A Minolta X700 in the center. To the left is a Vivitar 28-90mm f/2.8-3.5 lens and a Minolta AUTO 320X bounce flash that Mom bought back in 1982 for her Minolta XD11. (I'll have to get the lens serviced at some point. The helicoid grease broke down and the aperature blades have some oil contamination, so they're stuck wide open ATM.  ) The board fried in 1997, hence the X700 body which she and Dad bought at a pawn shop for $50 with the 50mm Minolta lens in the very center. Before they picked this up, however, Mom had bought the Canon EOS Elan IIE on the right with a Sigma 28-105mm f/2.8-4.0 lens. A couple of years ago, she bought a Canon Powershot G5 (which I took this shot with), so the poor EOS sat in a corner gathering dust. There's also a remote hot shoe flash I'll dig up one of these days. Shortly after Dad passed away in 2003, Mom pretty much handed over all the old film equipment and said if she ever wants to use any of it, she'll ask. (Twist my rubber arm!) She loves her G5, and I doubt she'll ever ask to use her film cameras again, although she's welcome to use them whenever she wishes. As soon as I got my hands on the Minolta, it was off to eBay I went! I quickly picked up the Vivitar 2X-5 Teleconverter (left piece of the three in the center) for $4.99, and the Tamron Adaptall 70-350mm f/4.5 lens for $187.50, both plus shipping. The Tamron came with a Pentax K adapter (guess I'll have to pick up another camera someday soon!), so I had to buy the Minolta M/MD adapter, too. ($9.50) So there you have it. Other than a tripod and monopod not shown, that's all I've got...for now! 

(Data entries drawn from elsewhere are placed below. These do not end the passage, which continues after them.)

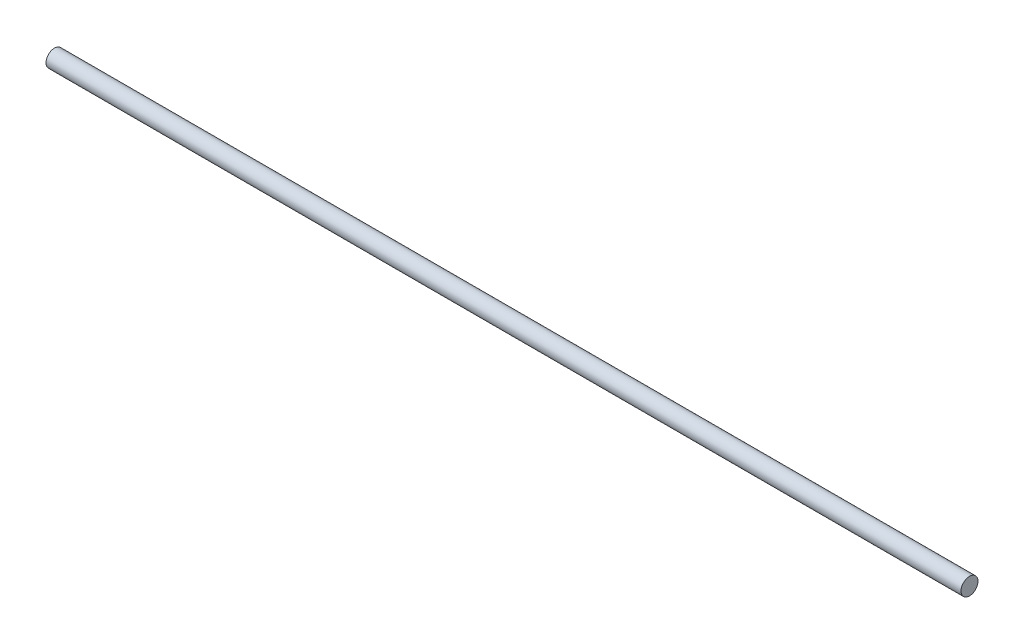
ISO-10303-21;
HEADER;
FILE_DESCRIPTION(('STEP AP214'),'2;1');
FILE_NAME('part.step','',(''),(''),'','','');
FILE_SCHEMA(('AUTOMOTIVE_DESIGN { 1 0 10303 214 1 1 1 1 }'));
ENDSEC;
DATA;
#1=APPLICATION_CONTEXT('core data for automotive mechanical design processes');
#2=APPLICATION_PROTOCOL_DEFINITION('international standard','automotive_design',2000,#1);
#3=PRODUCT_CONTEXT('',#1,'mechanical');
#4=PRODUCT('Part','Part','',(#3));
#5=PRODUCT_RELATED_PRODUCT_CATEGORY('part','',(#4));
#6=PRODUCT_DEFINITION_FORMATION('','',#4);
#7=PRODUCT_DEFINITION_CONTEXT('part definition',#1,'design');
#8=PRODUCT_DEFINITION('design','',#6,#7);
#9=PRODUCT_DEFINITION_SHAPE('','',#8);
#10=(LENGTH_UNIT() NAMED_UNIT(*) SI_UNIT(.MILLI.,.METRE.));
#11=(NAMED_UNIT(*) PLANE_ANGLE_UNIT() SI_UNIT($,.RADIAN.));
#12=(NAMED_UNIT(*) SI_UNIT($,.STERADIAN.) SOLID_ANGLE_UNIT());
#13=UNCERTAINTY_MEASURE_WITH_UNIT(LENGTH_MEASURE(1.E-05),#10,'distance_accuracy_value','');
#14=(GEOMETRIC_REPRESENTATION_CONTEXT(3) GLOBAL_UNCERTAINTY_ASSIGNED_CONTEXT((#13)) GLOBAL_UNIT_ASSIGNED_CONTEXT((#10,
#11,#12)) REPRESENTATION_CONTEXT('',''));
#15=CARTESIAN_POINT('',(0.,0.,0.));
#16=DIRECTION('',(0.,0.,1.));
#17=DIRECTION('',(1.,0.,0.));
#18=AXIS2_PLACEMENT_3D('',#15,#16,#17);
#19=CARTESIAN_POINT('',(683.514,0.,0.));
#20=DIRECTION('',(-1.,0.,0.));
#21=DIRECTION('',(0.,0.,1.));
#22=AXIS2_PLACEMENT_3D('',#19,#20,#21);
#23=CYLINDRICAL_SURFACE('',#22,6.35);
#24=CARTESIAN_POINT('',(683.514,0.,0.));
#25=DIRECTION('',(1.,0.,0.));
#26=DIRECTION('',(0.,0.,-1.));
#27=AXIS2_PLACEMENT_3D('',#24,#25,#26);
#28=CIRCLE('',#27,6.35);
#29=CARTESIAN_POINT('',(683.514,0.,-6.35));
#30=VERTEX_POINT('',#29);
#31=EDGE_CURVE('E10',#30,#30,#28,.T.);
#32=ORIENTED_EDGE('',*,*,#31,.F.);
#33=EDGE_LOOP('',(#32));
#34=FACE_BOUND('',#33,.T.);
#35=CARTESIAN_POINT('',(0.,0.,0.));
#36=DIRECTION('',(1.,0.,0.));
#37=DIRECTION('',(0.,0.,-1.));
#38=AXIS2_PLACEMENT_3D('',#35,#36,#37);
#39=CIRCLE('',#38,6.35);
#40=CARTESIAN_POINT('',(0.,0.,-6.35));
#41=VERTEX_POINT('',#40);
#42=EDGE_CURVE('E35',#41,#41,#39,.T.);
#43=ORIENTED_EDGE('',*,*,#42,.T.);
#44=EDGE_LOOP('',(#43));
#45=FACE_BOUND('',#44,.T.);
#46=ADVANCED_FACE('F32',(#34,#45),#23,.T.);
#47=CARTESIAN_POINT('',(683.514,0.,0.));
#48=DIRECTION('',(1.,0.,0.));
#49=DIRECTION('',(0.,0.,-1.));
#50=AXIS2_PLACEMENT_3D('',#47,#48,#49);
#51=PLANE('',#50);
#52=ORIENTED_EDGE('',*,*,#31,.T.);
#53=EDGE_LOOP('',(#52));
#54=FACE_BOUND('',#53,.T.);
#55=ADVANCED_FACE('F47',(#54),#51,.T.);
#56=CARTESIAN_POINT('',(0.,0.,0.));
#57=DIRECTION('',(1.,0.,0.));
#58=DIRECTION('',(0.,0.,-1.));
#59=AXIS2_PLACEMENT_3D('',#56,#57,#58);
#60=PLANE('',#59);
#61=ORIENTED_EDGE('',*,*,#42,.F.);
#62=EDGE_LOOP('',(#61));
#63=FACE_BOUND('',#62,.T.);
#64=ADVANCED_FACE('F45',(#63),#60,.F.);
#65=CLOSED_SHELL('',(#46,#55,#64));
#66=MANIFOLD_SOLID_BREP('B2',#65);
#67=ADVANCED_BREP_SHAPE_REPRESENTATION('',(#18,#66),#14);
#68=SHAPE_DEFINITION_REPRESENTATION(#9,#67);
ENDSEC;
END-ISO-10303-21;
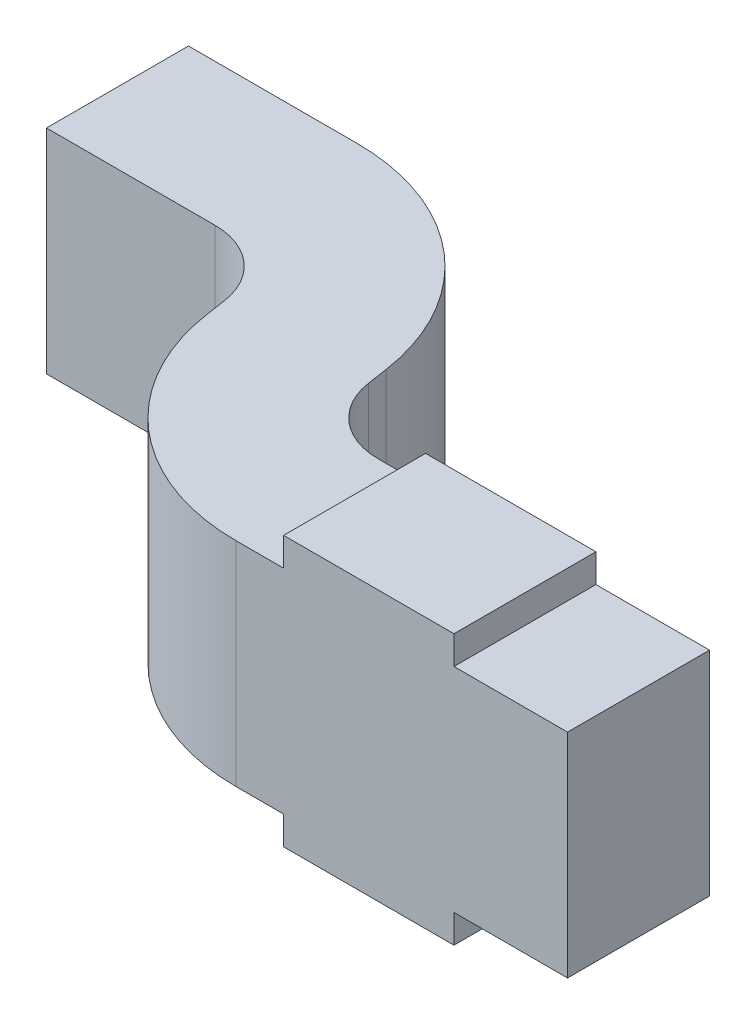
ISO-10303-21;
HEADER;
FILE_DESCRIPTION(('STEP AP214'),'2;1');
FILE_NAME('part.step','',(''),(''),'','','');
FILE_SCHEMA(('AUTOMOTIVE_DESIGN { 1 0 10303 214 1 1 1 1 }'));
ENDSEC;
DATA;
#1=APPLICATION_CONTEXT('core data for automotive mechanical design processes');
#2=APPLICATION_PROTOCOL_DEFINITION('international standard','automotive_design',2000,#1);
#3=PRODUCT_CONTEXT('',#1,'mechanical');
#4=PRODUCT('Part','Part','',(#3));
#5=PRODUCT_RELATED_PRODUCT_CATEGORY('part','',(#4));
#6=PRODUCT_DEFINITION_FORMATION('','',#4);
#7=PRODUCT_DEFINITION_CONTEXT('part definition',#1,'design');
#8=PRODUCT_DEFINITION('design','',#6,#7);
#9=PRODUCT_DEFINITION_SHAPE('','',#8);
#10=(LENGTH_UNIT() NAMED_UNIT(*) SI_UNIT(.MILLI.,.METRE.));
#11=(NAMED_UNIT(*) PLANE_ANGLE_UNIT() SI_UNIT($,.RADIAN.));
#12=(NAMED_UNIT(*) SI_UNIT($,.STERADIAN.) SOLID_ANGLE_UNIT());
#13=UNCERTAINTY_MEASURE_WITH_UNIT(LENGTH_MEASURE(1.E-05),#10,'distance_accuracy_value','');
#14=(GEOMETRIC_REPRESENTATION_CONTEXT(3) GLOBAL_UNCERTAINTY_ASSIGNED_CONTEXT((#13)) GLOBAL_UNIT_ASSIGNED_CONTEXT((#10,
#11,#12)) REPRESENTATION_CONTEXT('',''));
#15=CARTESIAN_POINT('',(0.,0.,0.));
#16=DIRECTION('',(0.,0.,1.));
#17=DIRECTION('',(1.,0.,0.));
#18=AXIS2_PLACEMENT_3D('',#15,#16,#17);
#19=CARTESIAN_POINT('',(-3.23,0.47500000000005,0.925));
#20=DIRECTION('',(0.,1.,0.));
#21=DIRECTION('',(1.,0.,0.));
#22=AXIS2_PLACEMENT_3D('',#19,#20,#21);
#23=PLANE('',#22);
#24=DIRECTION('',(1.,0.,0.));
#25=VECTOR('',#24,1.);
#26=CARTESIAN_POINT('',(-3.23,0.47500000000005,1.425));
#27=LINE('',#26,#25);
#28=CARTESIAN_POINT('',(-3.23,0.47500000000005,1.425));
#29=VERTEX_POINT('',#28);
#30=CARTESIAN_POINT('',(-2.63000000000008,0.47500000000005,1.425));
#31=VERTEX_POINT('',#30);
#32=EDGE_CURVE('E486',#29,#31,#27,.T.);
#33=ORIENTED_EDGE('',*,*,#32,.T.);
#34=DIRECTION('',(0.,0.,1.));
#35=VECTOR('',#34,1.);
#36=CARTESIAN_POINT('',(-2.63000000000008,0.47500000000005,0.925));
#37=LINE('',#36,#35);
#38=CARTESIAN_POINT('',(-2.63000000000008,0.47500000000005,0.925));
#39=VERTEX_POINT('',#38);
#40=EDGE_CURVE('E498',#39,#31,#37,.T.);
#41=ORIENTED_EDGE('',*,*,#40,.F.);
#42=DIRECTION('',(1.,0.,0.));
#43=VECTOR('',#42,1.);
#44=CARTESIAN_POINT('',(-3.23,0.47500000000005,0.925));
#45=LINE('',#44,#43);
#46=CARTESIAN_POINT('',(-3.23,0.47500000000005,0.925));
#47=VERTEX_POINT('',#46);
#48=EDGE_CURVE('E301',#47,#39,#45,.T.);
#49=ORIENTED_EDGE('',*,*,#48,.F.);
#50=DIRECTION('',(0.,0.,1.));
#51=VECTOR('',#50,1.);
#52=CARTESIAN_POINT('',(-3.23,0.47500000000005,0.925));
#53=LINE('',#52,#51);
#54=EDGE_CURVE('E367',#47,#29,#53,.T.);
#55=ORIENTED_EDGE('',*,*,#54,.T.);
#56=EDGE_LOOP('',(#33,#41,#49,#55));
#57=FACE_BOUND('',#56,.T.);
#58=ADVANCED_FACE('F17',(#57),#23,.T.);
#59=CARTESIAN_POINT('',(-3.23,-0.47499999999994,0.925));
#60=DIRECTION('',(-1.,0.,0.));
#61=DIRECTION('',(0.,0.,1.));
#62=AXIS2_PLACEMENT_3D('',#59,#60,#61);
#63=PLANE('',#62);
#64=DIRECTION('',(0.,0.,-1.));
#65=VECTOR('',#64,1.);
#66=CARTESIAN_POINT('',(-3.23,-0.375,0.85410254983609));
#67=LINE('',#66,#65);
#68=CARTESIAN_POINT('',(-3.23,-0.375,1.425));
#69=VERTEX_POINT('',#68);
#70=CARTESIAN_POINT('',(-3.23,-0.375,0.924999999999963));
#71=VERTEX_POINT('',#70);
#72=EDGE_CURVE('E372',#69,#71,#67,.T.);
#73=ORIENTED_EDGE('',*,*,#72,.T.);
#74=DIRECTION('',(0.,1.,0.));
#75=VECTOR('',#74,1.);
#76=CARTESIAN_POINT('',(-3.23,-0.47499999999994,0.925));
#77=LINE('',#76,#75);
#78=CARTESIAN_POINT('',(-3.23,-0.47499999999994,0.925));
#79=VERTEX_POINT('',#78);
#80=EDGE_CURVE('E281',#79,#71,#77,.T.);
#81=ORIENTED_EDGE('',*,*,#80,.F.);
#82=DIRECTION('',(0.,0.,1.));
#83=VECTOR('',#82,1.);
#84=CARTESIAN_POINT('',(-3.23,-0.47499999999994,0.925));
#85=LINE('',#84,#83);
#86=CARTESIAN_POINT('',(-3.23,-0.47499999999994,1.425));
#87=VERTEX_POINT('',#86);
#88=EDGE_CURVE('E11',#79,#87,#85,.T.);
#89=ORIENTED_EDGE('',*,*,#88,.T.);
#90=DIRECTION('',(0.,1.,0.));
#91=VECTOR('',#90,1.);
#92=CARTESIAN_POINT('',(-3.23,-0.47499999999994,1.425));
#93=LINE('',#92,#91);
#94=EDGE_CURVE('E490',#87,#69,#93,.T.);
#95=ORIENTED_EDGE('',*,*,#94,.T.);
#96=EDGE_LOOP('',(#73,#81,#89,#95));
#97=FACE_BOUND('',#96,.T.);
#98=ADVANCED_FACE('F794',(#97),#63,.T.);
#99=CARTESIAN_POINT('',(-2.63000000000008,-0.47499999999994,0.925));
#100=DIRECTION('',(0.,-1.,0.));
#101=DIRECTION('',(-1.,0.,0.));
#102=AXIS2_PLACEMENT_3D('',#99,#100,#101);
#103=PLANE('',#102);
#104=DIRECTION('',(-1.,0.,0.));
#105=VECTOR('',#104,1.);
#106=CARTESIAN_POINT('',(-2.63000000000008,-0.47499999999994,1.425));
#107=LINE('',#106,#105);
#108=CARTESIAN_POINT('',(-2.63000000000008,-0.47499999999994,1.425));
#109=VERTEX_POINT('',#108);
#110=EDGE_CURVE('E493',#109,#87,#107,.T.);
#111=ORIENTED_EDGE('',*,*,#110,.T.);
#112=ORIENTED_EDGE('',*,*,#88,.F.);
#113=DIRECTION('',(-1.,0.,0.));
#114=VECTOR('',#113,1.);
#115=CARTESIAN_POINT('',(-2.63000000000008,-0.47499999999994,0.925));
#116=LINE('',#115,#114);
#117=CARTESIAN_POINT('',(-2.63000000000008,-0.47499999999994,0.925));
#118=VERTEX_POINT('',#117);
#119=EDGE_CURVE('E278',#118,#79,#116,.T.);
#120=ORIENTED_EDGE('',*,*,#119,.F.);
#121=DIRECTION('',(0.,0.,1.));
#122=VECTOR('',#121,1.);
#123=CARTESIAN_POINT('',(-2.63000000000008,-0.47499999999994,0.925));
#124=LINE('',#123,#122);
#125=EDGE_CURVE('E20',#118,#109,#124,.T.);
#126=ORIENTED_EDGE('',*,*,#125,.T.);
#127=EDGE_LOOP('',(#111,#112,#120,#126));
#128=FACE_BOUND('',#127,.T.);
#129=ADVANCED_FACE('F782',(#128),#103,.T.);
#130=CARTESIAN_POINT('',(-2.63000000000008,0.47500000000005,0.925));
#131=DIRECTION('',(1.,0.,0.));
#132=DIRECTION('',(0.,-1.,0.));
#133=AXIS2_PLACEMENT_3D('',#130,#131,#132);
#134=PLANE('',#133);
#135=DIRECTION('',(0.,0.,1.));
#136=VECTOR('',#135,1.);
#137=CARTESIAN_POINT('',(-2.63000000000008,-0.375,0.85410254983609));
#138=LINE('',#137,#136);
#139=CARTESIAN_POINT('',(-2.63000000000008,-0.375,0.925));
#140=VERTEX_POINT('',#139);
#141=CARTESIAN_POINT('',(-2.63000000000008,-0.375,1.425));
#142=VERTEX_POINT('',#141);
#143=EDGE_CURVE('E333',#140,#142,#138,.T.);
#144=ORIENTED_EDGE('',*,*,#143,.T.);
#145=DIRECTION('',(0.,-1.,0.));
#146=VECTOR('',#145,1.);
#147=CARTESIAN_POINT('',(-2.63000000000008,0.47500000000005,1.425));
#148=LINE('',#147,#146);
#149=EDGE_CURVE('E496',#142,#109,#148,.T.);
#150=ORIENTED_EDGE('',*,*,#149,.T.);
#151=ORIENTED_EDGE('',*,*,#125,.F.);
#152=DIRECTION('',(0.,-1.,0.));
#153=VECTOR('',#152,1.);
#154=CARTESIAN_POINT('',(-2.63000000000008,0.47500000000005,0.925));
#155=LINE('',#154,#153);
#156=EDGE_CURVE('E282',#140,#118,#155,.T.);
#157=ORIENTED_EDGE('',*,*,#156,.F.);
#158=EDGE_LOOP('',(#144,#150,#151,#157));
#159=FACE_BOUND('',#158,.T.);
#160=ADVANCED_FACE('F771',(#159),#134,.T.);
#161=CARTESIAN_POINT('',(-2.63000000000008,0.47500000000005,0.925));
#162=DIRECTION('',(1.,0.,0.));
#163=DIRECTION('',(0.,-1.,0.));
#164=AXIS2_PLACEMENT_3D('',#161,#162,#163);
#165=PLANE('',#164);
#166=DIRECTION('',(0.,0.,-1.));
#167=VECTOR('',#166,1.);
#168=CARTESIAN_POINT('',(-2.63000000000008,0.375,0.85410254983609));
#169=LINE('',#168,#167);
#170=CARTESIAN_POINT('',(-2.63000000000008,0.375,1.425));
#171=VERTEX_POINT('',#170);
#172=CARTESIAN_POINT('',(-2.63000000000008,0.375,0.925));
#173=VERTEX_POINT('',#172);
#174=EDGE_CURVE('E416',#171,#173,#169,.T.);
#175=ORIENTED_EDGE('',*,*,#174,.T.);
#176=DIRECTION('',(0.,-1.,0.));
#177=VECTOR('',#176,1.);
#178=CARTESIAN_POINT('',(-2.63000000000008,0.47500000000005,0.925));
#179=LINE('',#178,#177);
#180=EDGE_CURVE('E305',#39,#173,#179,.T.);
#181=ORIENTED_EDGE('',*,*,#180,.F.);
#182=ORIENTED_EDGE('',*,*,#40,.T.);
#183=DIRECTION('',(0.,-1.,0.));
#184=VECTOR('',#183,1.);
#185=CARTESIAN_POINT('',(-2.63000000000008,0.47500000000005,1.425));
#186=LINE('',#185,#184);
#187=EDGE_CURVE('E483',#31,#171,#186,.T.);
#188=ORIENTED_EDGE('',*,*,#187,.T.);
#189=EDGE_LOOP('',(#175,#181,#182,#188));
#190=FACE_BOUND('',#189,.T.);
#191=ADVANCED_FACE('F759',(#190),#165,.T.);
#192=CARTESIAN_POINT('',(-2.93000000000004,0.,1.425));
#193=DIRECTION('',(0.,0.,1.));
#194=DIRECTION('',(1.,0.,0.));
#195=AXIS2_PLACEMENT_3D('',#192,#193,#194);
#196=PLANE('',#195);
#197=ORIENTED_EDGE('',*,*,#187,.F.);
#198=ORIENTED_EDGE('',*,*,#32,.F.);
#199=DIRECTION('',(0.,1.,0.));
#200=VECTOR('',#199,1.);
#201=CARTESIAN_POINT('',(-3.23,-0.47499999999994,1.425));
#202=LINE('',#201,#200);
#203=CARTESIAN_POINT('',(-3.23,0.375,1.425));
#204=VERTEX_POINT('',#203);
#205=EDGE_CURVE('E363',#204,#29,#202,.T.);
#206=ORIENTED_EDGE('',*,*,#205,.F.);
#207=DIRECTION('',(-1.,0.,0.));
#208=VECTOR('',#207,1.);
#209=CARTESIAN_POINT('',(-2.23000000000008,0.375,1.425));
#210=LINE('',#209,#208);
#211=CARTESIAN_POINT('',(-3.39710678118641,0.375,1.425));
#212=VERTEX_POINT('',#211);
#213=EDGE_CURVE('E368',#204,#212,#210,.T.);
#214=ORIENTED_EDGE('',*,*,#213,.T.);
#215=DIRECTION('',(0.,1.,0.));
#216=VECTOR('',#215,1.);
#217=CARTESIAN_POINT('',(-3.39710678118641,-0.375,1.425));
#218=LINE('',#217,#216);
#219=CARTESIAN_POINT('',(-3.39710678118641,-0.375,1.425));
#220=VERTEX_POINT('',#219);
#221=EDGE_CURVE('E426',#220,#212,#218,.T.);
#222=ORIENTED_EDGE('',*,*,#221,.F.);
#223=DIRECTION('',(-1.,0.,0.));
#224=VECTOR('',#223,1.);
#225=CARTESIAN_POINT('',(-2.23000000000008,-0.375,1.425));
#226=LINE('',#225,#224);
#227=EDGE_CURVE('E242',#69,#220,#226,.T.);
#228=ORIENTED_EDGE('',*,*,#227,.F.);
#229=ORIENTED_EDGE('',*,*,#94,.F.);
#230=ORIENTED_EDGE('',*,*,#110,.F.);
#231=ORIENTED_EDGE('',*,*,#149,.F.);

By the way, I've only taken a couple of shots with the new lens so far, and haven't finished the roll. Does anyone else have any experience with these lenses, any comments on their performance? The few things I've heard about them were all stellar, but just wanted to see if anyone here had gotten to toy around with one of these yet.


----------